Dpreview On Life Support (Updated)

Imagine my surprise to be off the Internet for a month and to find…well, articles and forum posts are still being published on dpreview. That site that was supposed to go flatline on April 10th, here at the beginning of May it still has a pulse. Hmm…

First up, let me once again say what a brain-dead decision Amazon made in closing dpreview. Not that Amazon makes all that many brain-alive decisions. (Disclosure: I own Amazon stock.) 

I long ago learned that goal, strategy, and tactics are three different things. Tactics support strategies which support goals.

Amazon seems mostly goalless since they became the defacto online buying source. Kindle seems goalless. Prime seems goalless. Even AWS seems goalless. But that also means that Amazon is mostly strategy-less, too. Which has reduced tactics to not much other than  “save money.” At this point I fail to see what business Amazon is in, let alone how it expects to grow that business.

The thing about dpreview is that it was the hub of Internet information about cameras and photography: fundamental, subjective, and anecdotal. Given that Amazon wants (I think) to be the place people buy things online, just where does Amazon think their camera-buying patrons will come from? Amazon has made the common mistake of believing they’re big enough that people will just go to them to buy. Bed, Bath, and Beyond might have something to say about that ;~). 

Amazon killed a key asset in “shutting down” dpreview. I wonder just what their camera sales are doing now? 

Of course camera sales are just a drip in the bucket as far as Amazon goes. A small drip. But about to become a smaller drip. Just how many times can you make all those drips smaller before the bucket no longer fills? 

Lucky for Amazon no one else is in the position to be the photography hub at the moment (possibly forever). Adorama and B&H both have pieces of the puzzle, but their articles are sales biased and not deep or broad, while their customer reviews/comments are buried and problematic. Say what you will of dpreview, but editorially it had about the most integrity of any photography related site.

In a perfect world, you have curators. Curators that are qualified, that are thoughtful, that are relatively unbiased, that promote the best information over the worst. Dpreview was a pretty decent curator. Better than the alternatives. 

Curators are powerful, because over time they attract people who want a “good” answer over a fast (and possibly biased one). Curators also can point to the best sources to acquire things, and that’s the role that dpreview should have played in the Amazon world: here’s the information you need to know, and when you’ve made a buying decision, we can help you with that. That connection was never particularly good between dpreview and Amazon, and it got worse over time. It also didn’t help that the Amazon purchase of dpreview and its long-term ownership was glossed over, either. 

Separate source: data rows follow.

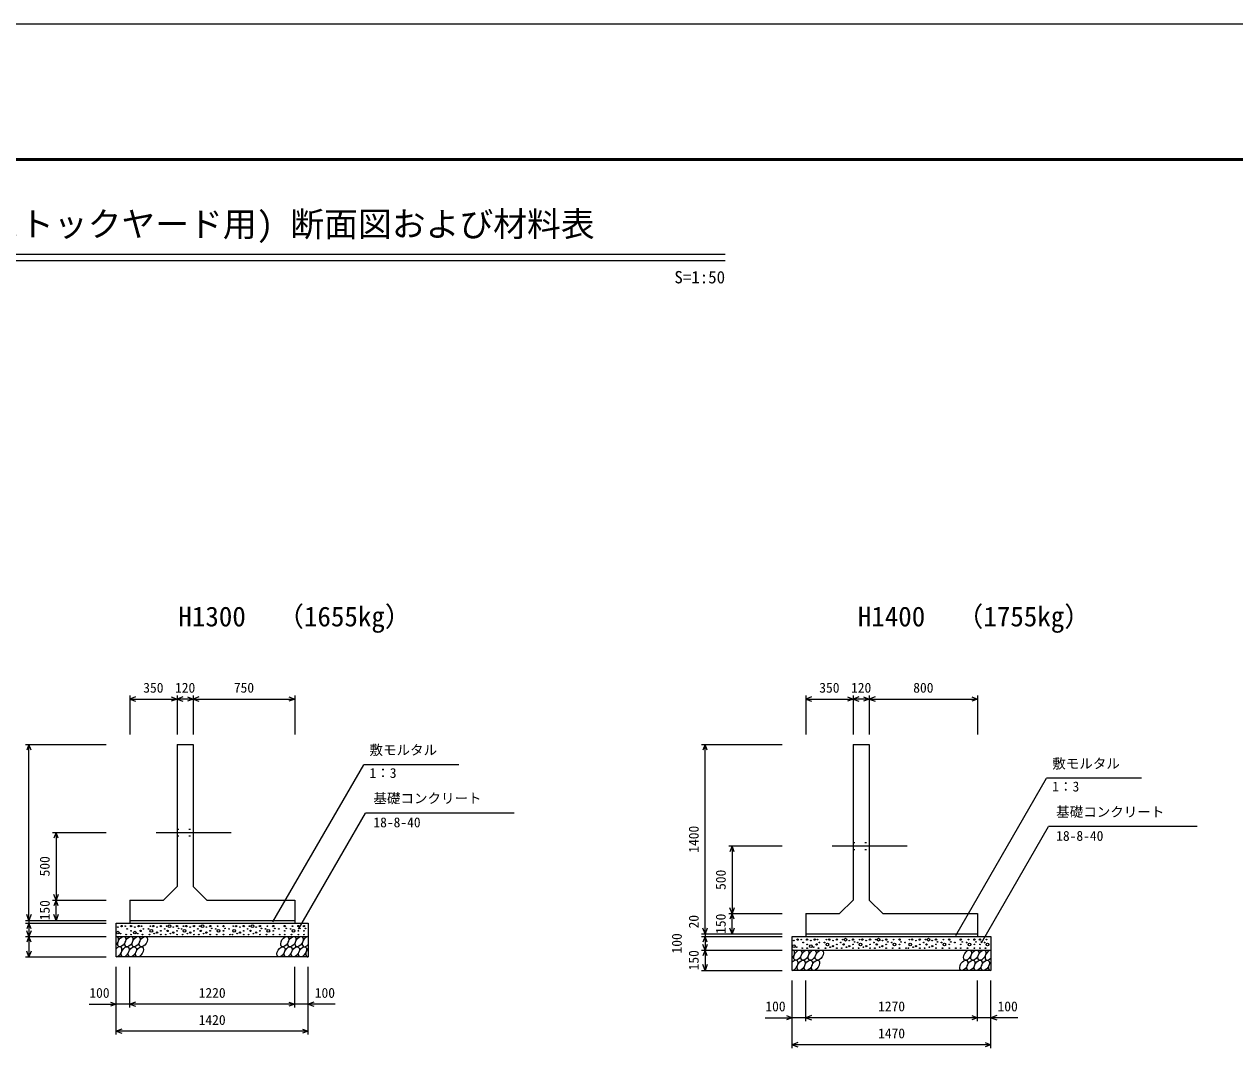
# Model space of a CAD drawing. Units: millimetres, scale not verified. Extents: x -42000 to 42000, y -14850 to 14850.
# Drawn here: x 19655 to 28609, y 7161 to 14850 of the extents above; entities that cross this region are included whole.
import ezdxf
from ezdxf.enums import TextEntityAlignment as Align

# ---------------------------------------------------------------- set-up
doc = ezdxf.new("R2010")
doc.units = ezdxf.units.MM
doc.header["$LTSCALE"] = 50
doc.linetypes.add('DOTTED', pattern=[1.75, 0.25, -1.5])
doc.linetypes.add('LONG_DASHED_DOTTED', pattern=[15.25, 12, -1.5, 0.25, -1.5])
for name, color, linetype, lineweight in [('0-0_CENTER', 7, 'LONG_DASHED_DOTTED', 25), ('0-1_DIM', 7, 'Continuous', 25), ('0-2_Defpoints', 5, 'Continuous', 25), ('0-3_HATCH', 6, 'Continuous', 25), ('0-6_OUTLINE', 1, 'Continuous', 25), ('0-7_OUTLINE2', 4, 'DOTTED', 25), ('0-8_TXT', 7, 'Continuous', 25), ('0-9_WAKU', 3, 'Continuous', 25)]:
    doc.layers.add(name, color=color, linetype=linetype, lineweight=lineweight)
doc.styles.add('ＭＳ ゴシック', font='')
doc.styles.get('ＭＳ ゴシック').set_extended_font_data('MS Gothic')

msp = doc.modelspace()

# ---------------------------------------------------------------- linework, layer by layer
at = {"layer": '0-0_CENTER'}
for p, q in [((20631.23, 8871.78), (21186.23, 8871.78)), ((25631.23, 8771.78), (26186.23, 8771.78))]:
    msp.add_line(p, q, dxfattribs=at)
at = {"layer": '0-1_DIM'}
for p, q in [((20435.84, 9883.67), (20435.84, 9596.78)), ((20435.84, 9858.67), (20785.84, 9858.67)), ((20785.84, 9883.67), (20785.84, 9596.78)), ((20905.84, 9858.67), (20785.84, 9858.67)), ((20905.84, 9883.67), (20905.84, 9596.78)), ((20905.84, 9858.67), (21655.84, 9858.67)), ((21655.84, 9883.67), (21655.84, 9596.78)), ((25435.84, 9883.67), (25435.84, 9596.78)), ((25435.84, 9858.67), (25785.84, 9858.67)), ((25785.84, 9883.67), (25785.84, 9596.78)), ((25905.84, 9858.67), (25785.84, 9858.67)), ((25905.84, 9883.67), (25905.84, 9596.78)), ((25905.84, 9858.67), (26705.84, 9858.67)), ((26705.84, 9883.67), (26705.84, 9596.78)), ((19665.84, 9521.78), (20260.84, 9521.78)), ((19690.84, 8221.78), (19690.84, 9521.78)), ((24665.84, 9521.78), (25260.84, 9521.78)), ((24690.84, 8121.78), (24690.84, 9521.78)), ((21495.1, 8210.45), (22166.37, 9373.13)), ((22868.79, 9373.13), (22166.37, 9373.13)), ((26545.1, 8110.45), (27216.37, 9273.13)), ((27918.79, 9273.13), (27216.37, 9273.13)), ((21684.58, 8156.06), (22180.85, 9015.62)), ((23280.4, 9015.62), (22180.85, 9015.62)), ((19865.84, 8871.78), (20260.84, 8871.78)), ((19890.84, 8871.78), (19890.84, 8371.78)), ((26734.58, 8056.06), (27230.85, 8915.62)), ((28330.4, 8915.62), (27230.85, 8915.62)), ((24865.84, 8771.78), (25260.84, 8771.78)), ((24890.84, 8771.78), (24890.84, 8271.78)), ((19865.84, 8371.78), (20260.84, 8371.78)), ((19890.84, 8221.78), (19890.84, 8371.78)), ((24865.84, 8271.78), (25260.84, 8271.78)), ((24890.84, 8121.78), (24890.84, 8271.78)), ((19665.84, 8221.78), (20260.84, 8221.78)), ((19665.84, 8201.78), (20260.84, 8201.78)), ((19690.84, 8221.78), (19690.84, 8201.78)), ((19690.84, 8201.78), (19690.84, 8101.78)), ((19665.84, 8101.78), (20260.84, 8101.78)), ((19690.84, 8101.78), (19690.84, 7951.78)), ((24665.84, 8121.78), (25260.84, 8121.78)), ((24665.84, 8101.78), (25260.84, 8101.78)), ((24690.84, 8121.78), (24690.84, 8101.78)), ((24690.84, 8101.78), (24690.84, 8001.78)), ((24665.84, 8001.78), (25260.84, 8001.78)), ((24690.84, 8001.78), (24690.84, 7851.78)), ((19665.84, 7951.78), (20260.84, 7951.78)), ((20335.84, 7376.78), (20335.84, 7876.78)), ((20435.84, 7576.78), (20435.84, 7876.78)), ((21655.84, 7576.78), (21655.84, 7876.78)), ((21655.84, 7576.78), (21655.84, 7876.78)), ((21755.84, 7376.78), (21755.84, 7876.78)), ((24665.84, 7851.78), (25260.84, 7851.78)), ((25335.84, 7276.78), (25335.84, 7776.78)), ((25435.84, 7476.78), (25435.84, 7776.78)), ((26705.84, 7476.78), (26705.84, 7776.78)), ((26705.84, 7476.78), (26705.84, 7776.78)), ((26805.84, 7276.78), (26805.84, 7776.78)), ((20136.29, 7601.78), (20335.84, 7601.78)), ((20435.84, 7601.78), (20335.84, 7601.78)), ((21655.84, 7601.78), (20435.84, 7601.78)), ((21755.84, 7601.78), (21655.84, 7601.78)), ((21955.38, 7601.78), (21755.84, 7601.78)), ((25136.29, 7501.78), (25335.84, 7501.78)), ((25435.84, 7501.78), (25335.84, 7501.78)), ((26705.84, 7501.78), (25435.84, 7501.78)), ((26805.84, 7501.78), (26705.84, 7501.78)), ((27005.38, 7501.78), (26805.84, 7501.78)), ((21755.84, 7401.78), (20335.84, 7401.78)), ((26805.84, 7301.78), (25335.84, 7301.78))]:
    msp.add_line(p, q, dxfattribs=at)
for points in [[(20478.13, 9874.06), (20435.84, 9858.67), (20478.13, 9843.28)], [(20743.55, 9874.06), (20785.84, 9858.67), (20743.55, 9843.28)], [(20828.13, 9874.06), (20785.84, 9858.67), (20828.13, 9843.28)], [(20863.55, 9874.06), (20905.84, 9858.67), (20863.55, 9843.28)], [(20948.13, 9874.06), (20905.84, 9858.67), (20948.13, 9843.28)], [(21613.55, 9874.06), (21655.84, 9858.67), (21613.55, 9843.28)], [(25478.13, 9874.06), (25435.84, 9858.67), (25478.13, 9843.28)], [(25743.55, 9874.06), (25785.84, 9858.67), (25743.55, 9843.28)], [(25828.13, 9874.06), (25785.84, 9858.67), (25828.13, 9843.28)], [(25863.55, 9874.06), (25905.84, 9858.67), (25863.55, 9843.28)], [(25948.13, 9874.06), (25905.84, 9858.67), (25948.13, 9843.28)], [(26663.55, 9874.06), (26705.84, 9858.67), (26663.55, 9843.28)], [(19706.23, 9479.49), (19690.84, 9521.78), (19675.45, 9479.49)], [(24706.23, 9479.49), (24690.84, 9521.78), (24675.45, 9479.49)], [(19906.23, 8829.49), (19890.84, 8871.78), (19875.45, 8829.49)], [(24906.23, 8729.49), (24890.84, 8771.78), (24875.45, 8729.49)], [(19906.23, 8414.06), (19890.84, 8371.78), (19875.45, 8414.06)], [(19906.23, 8329.49), (19890.84, 8371.78), (19875.45, 8329.49)], [(19706.23, 8264.06), (19690.84, 8221.78), (19675.45, 8264.06)], [(19906.23, 8264.06), (19890.84, 8221.78), (19875.45, 8264.06)], [(24906.23, 8314.06), (24890.84, 8271.78), (24875.45, 8314.06)], [(24906.23, 8229.49), (24890.84, 8271.78), (24875.45, 8229.49)], [(19706.23, 8159.49), (19690.84, 8201.78), (19675.45, 8159.49)], [(24706.23, 8164.06), (24690.84, 8121.78), (24675.45, 8164.06)], [(24906.23, 8164.06), (24890.84, 8121.78), (24875.45, 8164.06)], [(19706.23, 8144.06), (19690.84, 8101.78), (19675.45, 8144.06)], [(19706.23, 8059.49), (19690.84, 8101.78), (19675.45, 8059.49)], [(24706.23, 8059.49), (24690.84, 8101.78), (24675.45, 8059.49)], [(19706.23, 7994.06), (19690.84, 7951.78), (19675.45, 7994.06)], [(24706.23, 8044.06), (24690.84, 8001.78), (24675.45, 8044.06)], [(24706.23, 7959.49), (24690.84, 8001.78), (24675.45, 7959.49)], [(24706.23, 7894.06), (24690.84, 7851.78), (24675.45, 7894.06)], [(20293.55, 7617.17), (20335.84, 7601.78), (20293.55, 7586.39)], [(20478.13, 7617.17), (20435.84, 7601.78), (20478.13, 7586.39)], [(21613.55, 7617.17), (21655.84, 7601.78), (21613.55, 7586.39)], [(21798.13, 7617.17), (21755.84, 7601.78), (21798.13, 7586.39)], [(25293.55, 7517.17), (25335.84, 7501.78), (25293.55, 7486.39)], [(25478.13, 7517.17), (25435.84, 7501.78), (25478.13, 7486.39)], [(26663.55, 7517.17), (26705.84, 7501.78), (26663.55, 7486.39)], [(26848.13, 7517.17), (26805.84, 7501.78), (26848.13, 7486.39)], [(20378.13, 7417.17), (20335.84, 7401.78), (20378.13, 7386.39)], [(21713.55, 7417.17), (21755.84, 7401.78), (21713.55, 7386.39)], [(25378.13, 7317.17), (25335.84, 7301.78), (25378.13, 7286.39)], [(26763.55, 7317.17), (26805.84, 7301.78), (26763.55, 7286.39)]]:
    msp.add_lwpolyline(points, dxfattribs=at)
at = {"layer": '0-2_Defpoints'}
msp.add_lwpolyline([(0, -14850), (42000, -14850), (42000, 14850), (0, 14850)], close=True, dxfattribs=at)
at = {"layer": '0-3_HATCH'}
for centre, radius in [((20347.74, 8171.95), 2.5), ((20375.78, 8178.96), 5), ((20402.91, 8178.96), 2.5), ((20416.93, 8157.94), 2.5), ((20445.81, 8179.83), 5), ((20473.85, 8171.95), 2.5), ((20501.88, 8178.96), 5), ((20515.9, 8143.94), 5), ((20522.91, 8178.96), 2.5), ((20536.93, 8157.94), 2.5), ((20574.75, 8157.94), 2.5), ((20595.78, 8143.94), 10), ((20588.77, 8178.96), 2.5), ((20609.8, 8178.96), 5), ((20637.83, 8171.95), 2.5), ((20665.87, 8179.83), 5), ((20694.75, 8157.94), 2.5), ((20708.77, 8178.96), 2.5), ((20715.78, 8143.94), 5), ((20729.8, 8178.96), 10), ((20757.83, 8171.95), 2.5), ((20785.87, 8179.83), 5), ((20797.21, 8162.26), 2.5), ((20819.97, 8157.94), 2.5), ((20841, 8143.94), 10), ((20833.99, 8178.96), 2.5), ((20855.02, 8178.96), 5), ((20883.06, 8171.95), 2.5), ((20911.1, 8179.83), 5), ((20939.97, 8157.94), 2.5), ((20953.99, 8178.96), 2.5), ((20961, 8143.94), 5), ((20975.02, 8178.96), 10), ((21003.06, 8171.95), 2.5), ((21031.1, 8179.83), 5), ((21042.44, 8162.26), 2.5), ((21071.9, 8157.94), 2.5), ((21092.93, 8143.94), 10), ((21085.92, 8178.96), 2.5), ((21129.54, 8179.83), 5), ((21140.88, 8162.26), 2.5), ((21170.34, 8157.94), 2.5), ((21209.06, 8143.94), 10), ((21202.05, 8178.96), 2.5), ((21223.08, 8178.96), 5), ((21251.12, 8171.95), 2.5), ((21279.16, 8179.83), 5), ((21308.03, 8157.94), 2.5), ((21322.05, 8178.96), 2.5), ((21329.06, 8143.94), 5), ((21343.08, 8178.96), 10), ((21371.12, 8171.95), 2.5), ((21399.16, 8179.83), 5), ((21410.5, 8162.26), 2.5), ((21439.96, 8157.94), 2.5), ((21460.99, 8143.94), 10), ((21453.97, 8178.96), 2.5), ((21497.59, 8179.83), 5), ((21508.93, 8162.26), 2.5), ((21538.39, 8157.94), 2.5), ((21582.19, 8179.83), 5), ((21593.53, 8162.26), 2.5), ((21625.55, 8157.94), 2.5), ((21646.58, 8143.94), 10), ((21639.57, 8178.96), 2.5), ((21683.19, 8179.83), 5), ((21694.53, 8162.26), 2.5), ((21724.31, 8179.83), 5), ((21735.65, 8162.26), 2.5), ((20347.74, 8130.81), 10), ((20368.77, 8123.8), 2.5), ((20409.92, 8115.92), 2.5), ((20445.81, 8143.94), 2.5), ((20445.81, 8115.92), 2.5), ((20473.85, 8130.81), 10), ((20494.87, 8123.8), 2.5), ((20529.92, 8115.92), 2.5), ((20581.76, 8115.92), 2.5), ((20616.81, 8123.8), 2.5), ((20637.83, 8130.81), 5), ((20665.87, 8143.94), 2.5), ((20665.87, 8115.92), 2.5), ((20701.76, 8115.92), 2.5), ((20736.81, 8123.8), 2.5), ((20757.83, 8130.81), 5), ((20785.87, 8143.94), 2.5), ((20785.87, 8115.92), 2.5), ((20826.98, 8115.92), 2.5), ((20862.03, 8123.8), 2.5), ((20883.06, 8130.81), 5), ((20911.1, 8143.94), 2.5), ((20911.1, 8115.92), 2.5), ((20946.98, 8115.92), 2.5), ((20982.03, 8123.8), 2.5), ((21003.06, 8130.81), 5), ((21031.1, 8143.94), 2.5), ((21031.1, 8115.92), 2.5), ((21078.91, 8115.92), 2.5), ((21129.54, 8143.94), 2.5), ((21129.54, 8115.92), 2.5), ((21177.35, 8115.92), 2.5), ((21195.04, 8115.92), 2.5), ((21230.09, 8123.8), 2.5), ((21251.12, 8130.81), 5), ((21279.16, 8143.94), 2.5), ((21279.16, 8115.92), 2.5), ((21315.04, 8115.92), 2.5), ((21350.09, 8123.8), 2.5), ((21371.12, 8130.81), 5), ((21399.16, 8143.94), 2.5), ((21399.16, 8115.92), 2.5), ((21446.97, 8115.92), 2.5), ((21497.59, 8143.94), 2.5), ((21497.59, 8115.92), 2.5), ((21545.4, 8115.92), 2.5), ((21582.19, 8143.94), 2.5), ((21582.19, 8115.92), 2.5), ((21632.56, 8115.92), 2.5), ((21683.19, 8143.94), 2.5), ((21683.19, 8115.92), 2.5), ((21724.31, 8143.94), 2.5), ((21724.31, 8115.92), 2.5), ((25347.74, 8071.95), 2.5), ((25375.78, 8078.96), 5), ((25402.91, 8078.96), 2.5), ((25416.93, 8057.94), 2.5), ((25445.81, 8079.83), 5), ((25473.85, 8071.95), 2.5), ((25501.88, 8078.96), 5), ((25522.91, 8078.96), 2.5), ((25536.93, 8057.94), 2.5), ((25574.75, 8057.94), 2.5), ((25588.77, 8078.96), 2.5), ((25609.8, 8078.96), 5), ((25637.83, 8071.95), 2.5), ((25665.87, 8079.83), 5), ((25694.75, 8057.94), 2.5), ((25708.77, 8078.96), 2.5), ((25729.8, 8078.96), 10), ((25757.83, 8071.95), 2.5), ((25785.87, 8079.83), 5), ((25797.21, 8062.26), 2.5), ((25819.97, 8057.94), 2.5), ((25833.99, 8078.96), 2.5), ((25855.02, 8078.96), 5), ((25883.06, 8071.95), 2.5), ((25911.1, 8079.83), 5), ((25939.97, 8057.94), 2.5), ((25953.99, 8078.96), 2.5), ((25975.02, 8078.96), 10), ((26003.06, 8071.95), 2.5), ((26031.1, 8079.83), 5), ((26042.44, 8062.26), 2.5), ((26071.9, 8057.94), 2.5), ((26085.92, 8078.96), 2.5), ((26129.54, 8079.83), 5), ((26140.88, 8062.26), 2.5), ((26170.34, 8057.94), 2.5), ((26202.05, 8078.96), 2.5), ((26223.08, 8078.96), 5), ((26251.12, 8071.95), 2.5), ((26279.16, 8079.83), 5), ((26308.03, 8057.94), 2.5), ((26322.05, 8078.96), 2.5), ((26343.08, 8078.96), 10), ((26371.12, 8071.95), 2.5), ((26399.16, 8079.83), 5), ((26410.5, 8062.26), 2.5), ((26439.96, 8057.94), 2.5), ((26453.97, 8078.96), 2.5), ((26497.59, 8079.83), 5), ((26508.93, 8062.26), 2.5), ((26538.39, 8057.94), 2.5), ((26582.19, 8079.83), 5), ((26593.53, 8062.26), 2.5), ((26625.55, 8057.94), 2.5), ((26639.57, 8078.96), 2.5), ((26683.19, 8079.83), 5), ((26694.53, 8062.26), 2.5), ((26724.31, 8079.83), 5), ((26735.65, 8062.26), 2.5), ((26758.83, 8057.94), 2.5), ((26772.84, 8078.96), 2.5), ((25347.74, 8030.81), 10), ((25368.77, 8023.8), 2.5), ((25409.92, 8015.92), 2.5), ((25445.81, 8043.94), 2.5), ((25445.81, 8015.92), 2.5), ((25473.85, 8030.81), 10), ((25494.87, 8023.8), 2.5), ((25515.9, 8043.94), 5), ((25529.92, 8015.92), 2.5), ((25581.76, 8015.92), 2.5), ((25595.78, 8043.94), 10), ((25616.81, 8023.8), 2.5), ((25637.83, 8030.81), 5), ((25665.87, 8043.94), 2.5), ((25665.87, 8015.92), 2.5), ((25701.76, 8015.92), 2.5), ((25715.78, 8043.94), 5), ((25736.81, 8023.8), 2.5), ((25757.83, 8030.81), 5), ((25785.87, 8043.94), 2.5), ((25785.87, 8015.92), 2.5), ((25826.98, 8015.92), 2.5), ((25841, 8043.94), 10), ((25862.03, 8023.8), 2.5), ((25883.06, 8030.81), 5), ((25911.1, 8043.94), 2.5), ((25911.1, 8015.92), 2.5), ((25946.98, 8015.92), 2.5), ((25961, 8043.94), 5), ((25982.03, 8023.8), 2.5), ((26003.06, 8030.81), 5), ((26031.1, 8043.94), 2.5), ((26031.1, 8015.92), 2.5), ((26078.91, 8015.92), 2.5), ((26092.93, 8043.94), 10), ((26129.54, 8043.94), 2.5), ((26129.54, 8015.92), 2.5), ((26177.35, 8015.92), 2.5), ((26195.04, 8015.92), 2.5), ((26209.06, 8043.94), 10), ((26230.09, 8023.8), 2.5), ((26251.12, 8030.81), 5), ((26279.16, 8043.94), 2.5), ((26279.16, 8015.92), 2.5), ((26315.04, 8015.92), 2.5), ((26329.06, 8043.94), 5), ((26350.09, 8023.8), 2.5), ((26371.12, 8030.81), 5), ((26399.16, 8043.94), 2.5), ((26399.16, 8015.92), 2.5), ((26446.97, 8015.92), 2.5), ((26460.99, 8043.94), 10), ((26497.59, 8043.94), 2.5), ((26497.59, 8015.92), 2.5), ((26545.4, 8015.92), 2.5), ((26582.19, 8043.94), 2.5), ((26582.19, 8015.92), 2.5), ((26632.56, 8015.92), 2.5), ((26646.58, 8043.94), 10), ((26683.19, 8043.94), 2.5), ((26683.19, 8015.92), 2.5), ((26724.31, 8043.94), 2.5), ((26724.31, 8015.92), 2.5), ((26765.84, 8015.92), 2.5), ((26779.86, 8043.94), 10)]:
    msp.add_circle(centre, radius, dxfattribs=at)
for centre, start_param, end_param in [((20323.47, 8064.25), 4.385593, 6.6745444), ((21741.98, 8064.25), 0.3357715, 4.4411806), ((20348.8, 7989.26), 3.5111464, 7.548991), ((21767.3, 7989.26), 1.2110787, 3.5658734), ((25323.47, 7964.25), 4.385593, 6.6745444), ((26791.98, 7964.25), 0.3357715, 4.4411806), ((25348.8, 7889.26), 3.5111464, 7.548991), ((26817.3, 7889.26), 1.2110787, 3.5658734)]:
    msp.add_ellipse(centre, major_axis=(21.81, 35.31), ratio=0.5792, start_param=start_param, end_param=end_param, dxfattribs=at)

At the moment, dpreview is probably still savable, but only if someone who knows what they’re doing with content feeding sales steps in and takes charge immediately, with some support from Amazon corporate (or whoever might take it over). 

I doubt that will happen. Amazon isn’t known for managers that understand anything other than brute force and size. They also don’t appear to be interested in selling the asset. Meanwhile, the photo industry itself is built on behind-the-scenes spiffs, promotions, and other incentives, which has a tendency to spill over into any content side if no Editorial Wall is erected and maintained. It’s a very tricky space. My observation is that every time an edit/sales wall is breeched, the editorial side will die, and the whole creature will eventually die as well. 

Good media always starts with good content. Which has to be defended constantly against erosion by other forces. 

I had a whole article planned about what happens when dpreview disappears that I was going to run, but dpreview hasn’t disappeared yet. So I’ll just save my further comments for the eventual funeral. 

Bonus Update #1: Someone asked me about what I’d do with dpreview. That led me to thinking that maybe it’s not digital photography review, but just digital review. Guess what? The dreview.com URL is for sale (asking US$6700). As is dtreview.com (US$2900). As you might guess from that data I’d have looked at expanding the dpreview idea into a broader digital review or digital technology review, of which the camera stuff would have been one portion. Obviously, Amazon bought and updated the technical side of running such a site. What they didn’t do is provide it any growth plan. What a shame.

Bonus Update #2: I was browsing through the Amazon-owned products and noticed something amusing. If you look at the Amazon logo, you’ll see that the arrow underneath goes from A to Z. Yep, Amazon as we know it provides everything from A to Z. Subtle, but excellent design. 

However, look at how Amazon fumbled most of their other logos. Alexa provides everything from A to A (you can’t make this stuff up ;~). Blink gives you B to K. Prime gives you P to E, but Prime Now gives you I to O for some reason. Likewise, Amazon Publishing is Z to I and Prime Video is I to D. 

All this just goes to prove my point: Amazon has no idea what they’re doing or what their business actually is. They can’t even get their logos right. Funny thing is, they did once in a while get it correct (put the sub-service name just to the right of the arrow swoosh, as they did in Amazon Home Services and Amazon Basics). 

This kind of lack of clarity and coordination starts at the top of the company. Since I just got my Amazon stock voting document, I’ll be voting against the current management and board ;~).